++++ Given data ++++

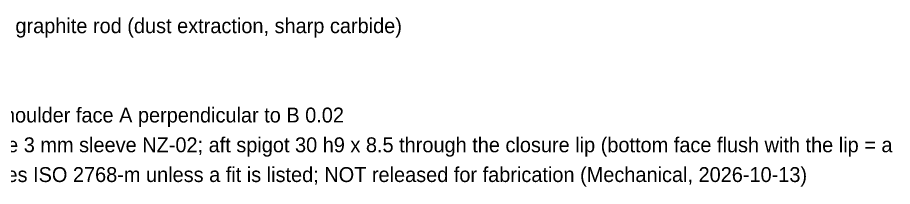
# Model space of a CAD drawing. Header units: millimetres. Extents: x 0 to 270, y -45 to 92.
# Drawn here: x 152.6 to 270.1, y -44.6 to -21.9 of the extents above; entities that cross this region are included whole.
import ezdxf

# ---------------------------------------------------------------- set-up
doc = ezdxf.new("R2010")
doc.units = ezdxf.units.MM

msp = doc.modelspace()

# ---------------------------------------------------------------- texts
for s, p in [('Material: Isomolded fine-grain graphite (reference grade Toyo Tanso IG-110 or equivalent)   Process: CNC lathe from isomolded graphite rod (dust extraction, sharp carbide)', (0, -24)), ('Fits / features: OD 44.0 h9 (0/-0.062); spigot 30.0 h9 (0/-0.052); throat 13.724 +0.02/0 (gauge pin); contour profile 0.05 to A/B; shoulder face A perpendicular to B 0.02', (0, -36)), ('Notes: gas-side contour from combustion nozzle_contour (v2: +30 mm), exit extended 3 mm at the exit diameter; OD 44 h9 in the 3 mm sleeve NZ-02; aft spigot 30 h9 x 8.5 through the closure lip (bottom face flush with the lip = a', (0, -40)), ('ARGOS engine CAD v3.5 - DESIGN-MODEL DRAWING generated from the solid; dimensions from the model; general tolerances ISO 2768-m unless a fit is listed; NOT released for fabrication (Mechanical, 2026-10-13)', (0, -44))]:
    msp.add_text(s, height=2).set_placement(p)

doc.saveas('drawing.dxf')

++++

*Required work*: Reproduce the data above exactly, leaving each picture out.

*Result for this task*:
# Model space of a CAD drawing. Header units: millimetres. Extents: x 0 to 270, y -45 to 92.
# Drawn here: x 152.6 to 270.1, y -44.6 to -21.9 of the extents above; entities that cross this region are included whole.
import ezdxf

# ---------------------------------------------------------------- set-up
doc = ezdxf.new("R2010")
doc.units = ezdxf.units.MM

msp = doc.modelspace()

# ---------------------------------------------------------------- texts
for s, p in [('Material: Isomolded fine-grain graphite (reference grade Toyo Tanso IG-110 or equivalent)   Process: CNC lathe from isomolded graphite rod (dust extraction, sharp carbide)', (0, -24)), ('Fits / features: OD 44.0 h9 (0/-0.062); spigot 30.0 h9 (0/-0.052); throat 13.724 +0.02/0 (gauge pin); contour profile 0.05 to A/B; shoulder face A perpendicular to B 0.02', (0, -36)), ('Notes: gas-side contour from combustion nozzle_contour (v2: +30 mm), exit extended 3 mm at the exit diameter; OD 44 h9 in the 3 mm sleeve NZ-02; aft spigot 30 h9 x 8.5 through the closure lip (bottom face flush with the lip = a', (0, -40)), ('ARGOS engine CAD v3.5 - DESIGN-MODEL DRAWING generated from the solid; dimensions from the model; general tolerances ISO 2768-m unless a fit is listed; NOT released for fabrication (Mechanical, 2026-10-13)', (0, -44))]:
    msp.add_text(s, height=2).set_placement(p)

doc.saveas('drawing.dxf')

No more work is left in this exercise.